After the World Can’t Wait presentation, it was apparent that my students were affected. The next day one student showed me a poem he wrote about a young boy from the ghetto enlisting in the military and dying, another asked for a World Can’t Wait T-shirt, and yet another, who had wanted to join the military, handed me a recommendation form for a vocational school. Others are still lost forever to the military but the “We Are Not Your Soldiers” tour offered the education American youth really need and that more teachers need to be more conscious of.

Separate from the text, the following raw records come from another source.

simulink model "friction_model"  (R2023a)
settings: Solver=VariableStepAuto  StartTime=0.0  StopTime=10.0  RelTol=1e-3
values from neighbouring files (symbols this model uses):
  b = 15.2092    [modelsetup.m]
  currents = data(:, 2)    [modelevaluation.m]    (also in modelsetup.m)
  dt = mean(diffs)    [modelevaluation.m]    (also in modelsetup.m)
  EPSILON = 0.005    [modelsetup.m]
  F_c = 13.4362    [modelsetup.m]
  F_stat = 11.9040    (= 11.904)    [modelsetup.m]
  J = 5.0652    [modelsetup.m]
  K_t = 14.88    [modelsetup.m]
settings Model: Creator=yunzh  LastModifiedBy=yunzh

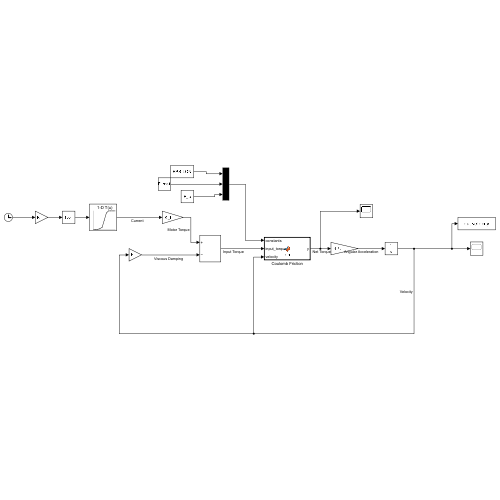
[thumbnail: Simulink's stored preview of the top-level diagram]
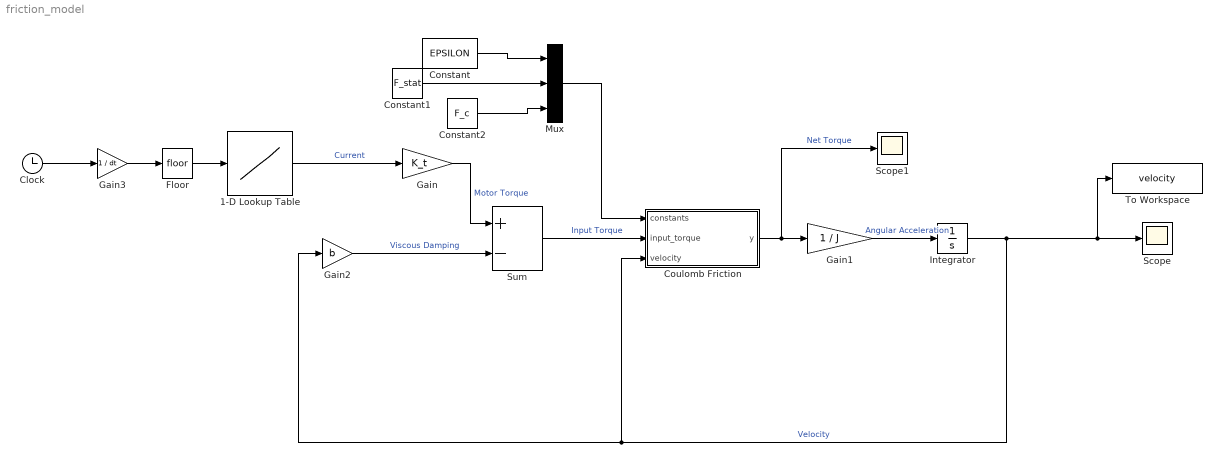
== system friction_model ==
  1-D Lookup Table : Lookup_n-D  NumberOfTableDimensions=1  BreakpointsForDimension1=[1:numel(currents)]'  Table=currents  InternalRulePriority=Speed  RndMeth=Simplest
  Clock : Clock
  Constant : Constant  Value=EPSILON
  Constant1 : Constant  Value=F_stat
  Constant2 : Constant  Value=F_c
  Coulomb Friction : MATLAB Function  TreatAsAtomicUnit=on
  Floor : Rounding
  Gain : Gain  Gain=K_t
  Gain1 : Gain  Gain=1 / J
  Gain2 : Gain  Gain=b
  Gain3 : Gain  Gain=1 / dt
  Integrator : Integrator
  Mux : Mux  Inputs=3
  Scope : Scope
  Scope1 : Scope
  Sum : Sum  Inputs=+-
  To Workspace : ToWorkspace  VariableName=velocity  SaveFormat=Timeseries  SampleTime=-1
  wires:
  Gain/1 -> Sum/1  "Motor Torque"
  1-D Lookup Table/1 -> Gain/1  "Current"
  Gain2/1 -> Sum/2  "Viscous Damping"
  Gain1/1 -> Integrator/1  "Angular Acceleration"
  Integrator/1 -> Gain2/1, Coulomb Friction/3(velocity), To Workspace/1, Scope/1  "Velocity"
  Sum/1 -> Coulomb Friction/2(input_torque)  "Input Torque"
  Coulomb Friction/1(y) -> Scope1/1, Gain1/1  "Net Torque"
  Mux/1 -> Coulomb Friction/1(constants)
  Constant/1 -> Mux/1
  Constant2/1 -> Mux/3
  Constant1/1 -> Mux/2
  Floor/1 -> 1-D Lookup Table/1
  Gain3/1 -> Floor/1
  Clock/1 -> Gain3/1

== matlab function friction_model/Coulomb Friction ==
  data: constants input; input_torque input; velocity input; y output
function y = fcn(constants, input_torque, velocity)
    EPSILON = constants(1);
    F_stat = constants(2);
    F_c = constants(3);


    if abs(velocity) < EPSILON % no motion
        if abs(input_torque) < abs(F_stat) % insufficient torque
            y = 0;
            return
        end

        % reduce torque by static friction
        static_friction = -1 * sign(input_torque) * F_stat;
        y = input_torque + static_friction;
        return
    end
    
    % reduce torque by dynamic friction
    dynamic_friction = -1 * sign(velocity) * F_c;
    y = input_torque + dynamic_friction;
end

 – Teacher from Paul Robeson High School
I am an 18-year-old intern at World Can’t Wait.  I feel this cause is very current, very serious, and in dire need of support. Not only is the organization trying to save the lives of my peers, but it is trying to open our eyes, light the fire of rebellion in our young spirits and get us to act on changing this world we are about to inherit.  The organization tries to reach students by visiting classrooms around the country and explaining the true nature of war through the example of personal experience—for instance, an Iraq war veteran named Ethan McCord who spoke at my school.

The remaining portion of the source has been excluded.